Sandpiper field also is a marginal field that could draw attention if BP elects to proceed with Northstar/Seal Beach development.
Soon after Amerada Hess in 1986 disclosed extension of that field with the first Northstar well, Shell enhanced the possibility of commercial development in the area with acknowledgement of a discovery on manmade Sandpiper Island 11 miles northwest of Seal Island.
Shell's discovery well flowed at stabilized rates of 500-2,500 b/d of 40-52 gravity oil through 30/64-2 in. chokes. Flows in the 12,575 ft well came from two Sadlerochit zones below 11,910 ft measured depth. The well also produced gas at a rate of 18.5 MMcfd.
GAS FIELDS
The future of three discoveries of the 1970s west of the ANWR boundary is uncertain.
One of the fields is Point Thomson, a 1977 gas/condensate find drilled by Exxon 5 miles west of ANWR and 50 miles east of Prudhoe Bay. The discovery well, 1A Alaska State on Flaxman Island, and confirmation wells proved reserves estimated at 3 tcf of gas and 200 million bbl of condensate.
Kavik and Kemik gas fields farther south are believed to hold more than 1 tcf of gas reserves. With no present means of marketing North Slope gas, the two gas fields are unlikely candidates for early development.
Alaska's DNR, impatient over the delay in Point Thomson development, gave Exxon notice to come up with an acceptable development plan by Apr. 30 or face losing about 55,000 acres from the 83,825 acre Point Thomson Unit.
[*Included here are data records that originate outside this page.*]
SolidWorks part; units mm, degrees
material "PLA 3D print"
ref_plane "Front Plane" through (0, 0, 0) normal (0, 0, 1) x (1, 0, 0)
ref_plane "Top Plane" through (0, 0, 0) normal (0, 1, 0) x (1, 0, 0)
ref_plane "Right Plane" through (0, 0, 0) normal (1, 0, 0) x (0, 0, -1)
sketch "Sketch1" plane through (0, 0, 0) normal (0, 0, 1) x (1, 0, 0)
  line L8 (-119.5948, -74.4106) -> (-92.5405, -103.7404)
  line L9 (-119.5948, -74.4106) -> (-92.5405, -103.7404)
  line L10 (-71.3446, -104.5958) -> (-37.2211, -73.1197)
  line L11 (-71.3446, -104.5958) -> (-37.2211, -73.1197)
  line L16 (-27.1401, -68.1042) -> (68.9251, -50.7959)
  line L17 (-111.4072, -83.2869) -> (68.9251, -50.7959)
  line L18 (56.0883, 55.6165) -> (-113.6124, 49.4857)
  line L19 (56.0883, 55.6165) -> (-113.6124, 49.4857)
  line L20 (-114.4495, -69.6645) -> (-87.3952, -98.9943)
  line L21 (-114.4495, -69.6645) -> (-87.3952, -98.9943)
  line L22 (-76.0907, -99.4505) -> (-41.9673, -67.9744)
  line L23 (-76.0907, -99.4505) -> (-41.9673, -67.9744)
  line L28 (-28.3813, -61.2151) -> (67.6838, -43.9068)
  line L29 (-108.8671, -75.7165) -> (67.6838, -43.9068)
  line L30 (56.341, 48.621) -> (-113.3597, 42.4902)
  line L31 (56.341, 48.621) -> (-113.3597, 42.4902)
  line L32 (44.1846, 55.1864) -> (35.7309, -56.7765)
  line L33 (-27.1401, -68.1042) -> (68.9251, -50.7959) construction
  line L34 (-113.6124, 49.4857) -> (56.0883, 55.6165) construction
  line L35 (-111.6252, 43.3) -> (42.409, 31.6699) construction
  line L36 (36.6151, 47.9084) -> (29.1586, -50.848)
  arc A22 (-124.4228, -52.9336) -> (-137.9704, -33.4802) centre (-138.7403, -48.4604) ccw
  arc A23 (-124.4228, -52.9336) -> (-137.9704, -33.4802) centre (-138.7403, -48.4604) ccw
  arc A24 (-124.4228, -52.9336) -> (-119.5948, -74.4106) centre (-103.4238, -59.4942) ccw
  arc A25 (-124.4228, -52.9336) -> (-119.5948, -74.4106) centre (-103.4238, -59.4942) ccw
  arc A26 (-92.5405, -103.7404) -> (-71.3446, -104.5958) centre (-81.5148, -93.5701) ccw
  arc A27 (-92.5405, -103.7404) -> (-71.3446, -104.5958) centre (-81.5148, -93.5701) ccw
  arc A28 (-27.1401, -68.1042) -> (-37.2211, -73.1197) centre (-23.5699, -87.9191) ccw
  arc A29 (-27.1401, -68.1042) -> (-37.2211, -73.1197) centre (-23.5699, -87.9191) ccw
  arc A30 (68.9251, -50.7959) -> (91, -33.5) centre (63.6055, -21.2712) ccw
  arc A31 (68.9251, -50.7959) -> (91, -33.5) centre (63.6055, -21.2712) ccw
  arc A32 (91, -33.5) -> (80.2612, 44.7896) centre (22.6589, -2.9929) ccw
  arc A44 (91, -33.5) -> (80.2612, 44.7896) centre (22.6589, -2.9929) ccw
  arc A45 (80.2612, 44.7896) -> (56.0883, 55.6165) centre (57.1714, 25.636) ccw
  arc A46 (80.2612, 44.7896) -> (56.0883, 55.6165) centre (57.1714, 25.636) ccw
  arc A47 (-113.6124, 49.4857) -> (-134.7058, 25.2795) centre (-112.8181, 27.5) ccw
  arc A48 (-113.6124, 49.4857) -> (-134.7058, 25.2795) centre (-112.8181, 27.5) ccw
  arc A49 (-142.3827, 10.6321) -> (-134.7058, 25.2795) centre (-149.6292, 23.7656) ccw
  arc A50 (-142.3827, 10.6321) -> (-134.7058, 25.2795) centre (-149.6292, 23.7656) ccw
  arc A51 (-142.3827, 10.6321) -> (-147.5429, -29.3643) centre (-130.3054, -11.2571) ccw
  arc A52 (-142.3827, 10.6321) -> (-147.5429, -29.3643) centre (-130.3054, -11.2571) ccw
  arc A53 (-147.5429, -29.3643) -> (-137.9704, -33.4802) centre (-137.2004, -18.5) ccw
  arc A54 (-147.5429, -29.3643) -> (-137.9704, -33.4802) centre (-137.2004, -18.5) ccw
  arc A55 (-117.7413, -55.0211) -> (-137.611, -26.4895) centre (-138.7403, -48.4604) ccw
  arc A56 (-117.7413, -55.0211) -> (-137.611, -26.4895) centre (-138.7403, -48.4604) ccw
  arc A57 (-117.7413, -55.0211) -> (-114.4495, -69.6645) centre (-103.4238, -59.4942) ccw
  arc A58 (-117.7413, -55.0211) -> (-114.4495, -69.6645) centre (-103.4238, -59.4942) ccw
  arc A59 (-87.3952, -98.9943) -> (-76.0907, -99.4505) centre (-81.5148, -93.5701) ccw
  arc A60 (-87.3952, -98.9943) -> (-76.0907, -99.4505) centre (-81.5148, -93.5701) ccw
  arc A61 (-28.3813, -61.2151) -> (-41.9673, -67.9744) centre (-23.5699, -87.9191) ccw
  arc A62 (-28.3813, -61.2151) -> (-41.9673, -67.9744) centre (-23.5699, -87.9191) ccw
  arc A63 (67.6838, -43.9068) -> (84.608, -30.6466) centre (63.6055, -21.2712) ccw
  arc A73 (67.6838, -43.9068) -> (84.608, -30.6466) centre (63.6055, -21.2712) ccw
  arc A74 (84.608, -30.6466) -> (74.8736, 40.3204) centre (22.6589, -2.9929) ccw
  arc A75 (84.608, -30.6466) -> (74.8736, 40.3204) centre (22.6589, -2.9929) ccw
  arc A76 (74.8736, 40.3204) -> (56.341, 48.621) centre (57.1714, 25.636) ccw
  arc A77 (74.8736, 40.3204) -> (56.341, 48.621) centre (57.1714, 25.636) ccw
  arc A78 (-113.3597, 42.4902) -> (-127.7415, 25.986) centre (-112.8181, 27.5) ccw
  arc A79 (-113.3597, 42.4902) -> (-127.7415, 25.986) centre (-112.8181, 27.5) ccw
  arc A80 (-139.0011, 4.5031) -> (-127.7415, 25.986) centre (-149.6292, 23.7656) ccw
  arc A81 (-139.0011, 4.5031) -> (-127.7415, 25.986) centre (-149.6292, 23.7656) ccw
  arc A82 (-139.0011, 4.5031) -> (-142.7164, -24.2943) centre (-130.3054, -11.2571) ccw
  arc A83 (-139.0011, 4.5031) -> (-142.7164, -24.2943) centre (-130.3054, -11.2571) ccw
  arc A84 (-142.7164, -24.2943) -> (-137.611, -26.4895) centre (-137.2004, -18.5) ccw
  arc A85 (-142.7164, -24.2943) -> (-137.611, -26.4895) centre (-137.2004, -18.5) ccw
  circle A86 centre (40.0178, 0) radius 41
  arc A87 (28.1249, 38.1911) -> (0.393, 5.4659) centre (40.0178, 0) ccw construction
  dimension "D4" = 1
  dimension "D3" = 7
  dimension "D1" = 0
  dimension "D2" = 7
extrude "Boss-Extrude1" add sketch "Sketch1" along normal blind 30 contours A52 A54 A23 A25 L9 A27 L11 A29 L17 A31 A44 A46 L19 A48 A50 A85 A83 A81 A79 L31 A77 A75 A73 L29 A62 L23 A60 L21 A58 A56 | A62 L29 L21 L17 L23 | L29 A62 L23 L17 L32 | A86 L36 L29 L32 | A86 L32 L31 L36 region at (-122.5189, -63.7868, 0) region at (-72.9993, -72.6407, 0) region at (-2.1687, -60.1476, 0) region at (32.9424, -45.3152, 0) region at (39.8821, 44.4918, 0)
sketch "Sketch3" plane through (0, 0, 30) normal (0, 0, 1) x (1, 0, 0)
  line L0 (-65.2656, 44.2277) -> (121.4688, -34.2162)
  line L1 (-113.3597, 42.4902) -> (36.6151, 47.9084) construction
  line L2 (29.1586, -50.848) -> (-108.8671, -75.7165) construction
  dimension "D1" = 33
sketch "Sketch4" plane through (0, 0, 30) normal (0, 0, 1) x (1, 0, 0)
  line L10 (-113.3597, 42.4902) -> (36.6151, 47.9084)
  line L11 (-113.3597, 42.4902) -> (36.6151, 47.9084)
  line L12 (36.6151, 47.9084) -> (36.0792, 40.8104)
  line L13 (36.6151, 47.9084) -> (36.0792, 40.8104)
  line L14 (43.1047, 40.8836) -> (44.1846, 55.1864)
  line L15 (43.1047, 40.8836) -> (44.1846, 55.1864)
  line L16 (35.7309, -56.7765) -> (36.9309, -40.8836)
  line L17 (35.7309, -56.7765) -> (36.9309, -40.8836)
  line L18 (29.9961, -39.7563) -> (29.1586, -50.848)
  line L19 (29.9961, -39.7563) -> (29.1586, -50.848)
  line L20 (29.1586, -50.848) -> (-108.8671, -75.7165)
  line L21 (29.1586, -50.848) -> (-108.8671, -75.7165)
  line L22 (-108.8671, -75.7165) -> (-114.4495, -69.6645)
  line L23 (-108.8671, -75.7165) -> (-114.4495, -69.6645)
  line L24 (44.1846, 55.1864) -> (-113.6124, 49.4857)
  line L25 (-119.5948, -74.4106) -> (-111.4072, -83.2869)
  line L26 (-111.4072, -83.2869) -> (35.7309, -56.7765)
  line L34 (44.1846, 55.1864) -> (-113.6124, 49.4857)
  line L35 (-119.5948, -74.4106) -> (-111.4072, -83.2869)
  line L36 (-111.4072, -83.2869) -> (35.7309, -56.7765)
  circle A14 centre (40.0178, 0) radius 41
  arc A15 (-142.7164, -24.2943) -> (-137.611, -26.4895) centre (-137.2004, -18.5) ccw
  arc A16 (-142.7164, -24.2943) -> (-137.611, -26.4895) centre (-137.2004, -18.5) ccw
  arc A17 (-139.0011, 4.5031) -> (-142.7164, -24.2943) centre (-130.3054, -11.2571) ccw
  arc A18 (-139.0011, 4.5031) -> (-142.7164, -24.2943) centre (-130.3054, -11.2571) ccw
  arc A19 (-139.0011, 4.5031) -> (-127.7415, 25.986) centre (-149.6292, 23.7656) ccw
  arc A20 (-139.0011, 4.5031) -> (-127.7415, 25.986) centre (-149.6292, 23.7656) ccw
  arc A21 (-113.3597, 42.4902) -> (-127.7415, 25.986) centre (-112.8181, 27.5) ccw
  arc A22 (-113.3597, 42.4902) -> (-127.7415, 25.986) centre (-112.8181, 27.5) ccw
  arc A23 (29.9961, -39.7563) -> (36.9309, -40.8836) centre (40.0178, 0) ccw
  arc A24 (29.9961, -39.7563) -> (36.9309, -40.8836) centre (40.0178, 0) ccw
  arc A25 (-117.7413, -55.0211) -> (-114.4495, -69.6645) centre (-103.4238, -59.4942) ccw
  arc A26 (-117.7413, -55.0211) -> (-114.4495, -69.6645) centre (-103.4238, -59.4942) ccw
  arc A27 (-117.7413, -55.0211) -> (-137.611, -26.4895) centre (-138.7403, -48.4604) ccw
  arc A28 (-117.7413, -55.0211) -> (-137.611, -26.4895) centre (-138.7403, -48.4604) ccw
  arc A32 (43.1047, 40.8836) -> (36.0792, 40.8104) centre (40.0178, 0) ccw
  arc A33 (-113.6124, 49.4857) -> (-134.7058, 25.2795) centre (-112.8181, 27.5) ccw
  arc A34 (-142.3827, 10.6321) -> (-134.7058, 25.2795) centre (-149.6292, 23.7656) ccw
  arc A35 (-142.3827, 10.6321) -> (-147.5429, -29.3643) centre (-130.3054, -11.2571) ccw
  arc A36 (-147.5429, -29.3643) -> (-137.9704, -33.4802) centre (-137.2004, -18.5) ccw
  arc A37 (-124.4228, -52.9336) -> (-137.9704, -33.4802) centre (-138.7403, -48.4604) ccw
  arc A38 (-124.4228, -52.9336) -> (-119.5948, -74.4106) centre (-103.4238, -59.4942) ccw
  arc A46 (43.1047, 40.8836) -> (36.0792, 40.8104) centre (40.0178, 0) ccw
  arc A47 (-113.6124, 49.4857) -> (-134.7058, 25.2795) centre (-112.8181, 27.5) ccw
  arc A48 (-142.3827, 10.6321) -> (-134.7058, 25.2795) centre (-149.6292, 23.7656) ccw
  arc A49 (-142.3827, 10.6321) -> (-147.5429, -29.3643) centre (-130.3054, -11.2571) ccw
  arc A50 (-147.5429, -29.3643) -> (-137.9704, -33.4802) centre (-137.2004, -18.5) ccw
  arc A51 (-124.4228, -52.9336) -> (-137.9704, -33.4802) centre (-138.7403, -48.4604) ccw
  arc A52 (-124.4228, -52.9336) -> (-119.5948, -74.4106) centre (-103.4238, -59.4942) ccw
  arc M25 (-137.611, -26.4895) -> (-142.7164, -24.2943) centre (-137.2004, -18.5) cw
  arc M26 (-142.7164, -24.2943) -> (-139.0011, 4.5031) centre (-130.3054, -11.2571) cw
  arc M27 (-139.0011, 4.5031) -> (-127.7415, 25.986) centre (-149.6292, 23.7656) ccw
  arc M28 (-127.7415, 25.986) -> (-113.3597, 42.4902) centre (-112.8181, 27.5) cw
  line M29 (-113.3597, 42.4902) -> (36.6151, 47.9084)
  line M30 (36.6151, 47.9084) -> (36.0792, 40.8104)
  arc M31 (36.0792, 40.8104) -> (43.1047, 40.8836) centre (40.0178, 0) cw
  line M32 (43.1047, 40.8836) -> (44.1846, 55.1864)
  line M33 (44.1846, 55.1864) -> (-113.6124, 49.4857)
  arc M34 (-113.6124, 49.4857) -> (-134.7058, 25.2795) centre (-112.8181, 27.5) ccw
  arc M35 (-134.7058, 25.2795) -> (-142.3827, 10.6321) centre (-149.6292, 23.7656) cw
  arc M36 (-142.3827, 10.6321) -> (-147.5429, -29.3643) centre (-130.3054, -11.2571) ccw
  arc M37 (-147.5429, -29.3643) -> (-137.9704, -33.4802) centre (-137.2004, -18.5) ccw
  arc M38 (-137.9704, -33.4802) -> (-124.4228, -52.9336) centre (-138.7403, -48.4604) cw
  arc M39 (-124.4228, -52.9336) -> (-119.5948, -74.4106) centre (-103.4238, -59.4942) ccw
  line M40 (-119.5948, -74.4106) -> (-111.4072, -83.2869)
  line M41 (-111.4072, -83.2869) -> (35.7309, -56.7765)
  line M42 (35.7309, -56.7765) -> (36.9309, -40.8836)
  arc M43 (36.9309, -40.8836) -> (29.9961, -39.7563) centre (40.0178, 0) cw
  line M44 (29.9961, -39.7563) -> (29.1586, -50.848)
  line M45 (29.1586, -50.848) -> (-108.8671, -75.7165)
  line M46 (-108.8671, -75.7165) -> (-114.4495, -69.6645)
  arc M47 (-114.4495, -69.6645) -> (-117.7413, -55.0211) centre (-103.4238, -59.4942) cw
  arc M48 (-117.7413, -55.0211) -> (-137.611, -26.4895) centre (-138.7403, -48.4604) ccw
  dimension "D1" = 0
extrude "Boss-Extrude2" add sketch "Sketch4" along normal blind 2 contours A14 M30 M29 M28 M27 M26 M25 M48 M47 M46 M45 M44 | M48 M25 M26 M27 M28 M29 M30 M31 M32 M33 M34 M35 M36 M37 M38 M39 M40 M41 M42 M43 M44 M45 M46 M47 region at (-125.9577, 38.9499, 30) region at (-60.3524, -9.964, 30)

Acreage sliced from the unit would be offered as part of a North Slope lease sale in 1998.
WEST SAK
A huge, currently noncommercial oil pool that has been on the back burner since 1989 on the North Slope is once again under study for possible development.
The resource is the West Sak pool, which overlies deeper producing horizons in Kuparuk River field. West Sak contains about 16 billion bbl of OOIP, or about 6 billion bbl less than Prudhoe Bay's OOIP. West Sak crude gravities range from less than 15 to 22, but closeness to permafrost gives it a high viscosity likened to molasses.
"We have formed a West Sak assessment team and will work with co-owners and with the ARCO Exploration & Technology Group at Plano doing some new research," said Ken Thompson, ARCO Alaska president. "We will be looking at technology support and research."
Thompson said the assessment team is looking at directionally drilling multiple laterals as a possible means of reducing drilling costs by as much as 30%. Completion technologies also are under study.
The West Sak sand is a very friable unconsolidated rock, which poses the problem of keeping sand entry under control while still allowing good production rates.
"We are examining different miscible gas injection scenarios and comparing that with waterflood to see if we can find a viable commercial process,Thompson said. "We are also looking at different ways of lowering costs of facilities."
The timetable calls for completion of studies by late summer.
"At the end of studies, we will assess moving ahead with field work," Thompson said. "If we find the project is still not commercial, we will work with the state of Alaska to consider tax or royalty changes to move West Sak and see if we need any federal assistance for heavy oil."
West Sak has been in limbo since 1989, when ARCO suspended a 25 well drilling and production test program designed to bring the pool on production in the mid-1990s. The company blamed suspension of the program on changes by the state in the economic limit factor (ELF), which helps determine oil and gas severance tax assessments, that were aimed at increasing severance taxes in Prudhoe Bay and Kuparuk River fields.
West Sak would be affected because plans called for producing Kuparuk's developed pay and the shallower West Sak pay through the same facilities.
Changes in ELF meant West Sak production would be penalized by higher taxes if it were combined with Kuparuk production. ARCO said the project could not afford higher taxes, nor could it afford the cost of installing a duplicate set of facilities.
The revival of interest in West Sak, Thompson said, stemmed partly from decreased drilling costs and in part because state leaders were open to providing economic incentives that would help companies develop marginal fields.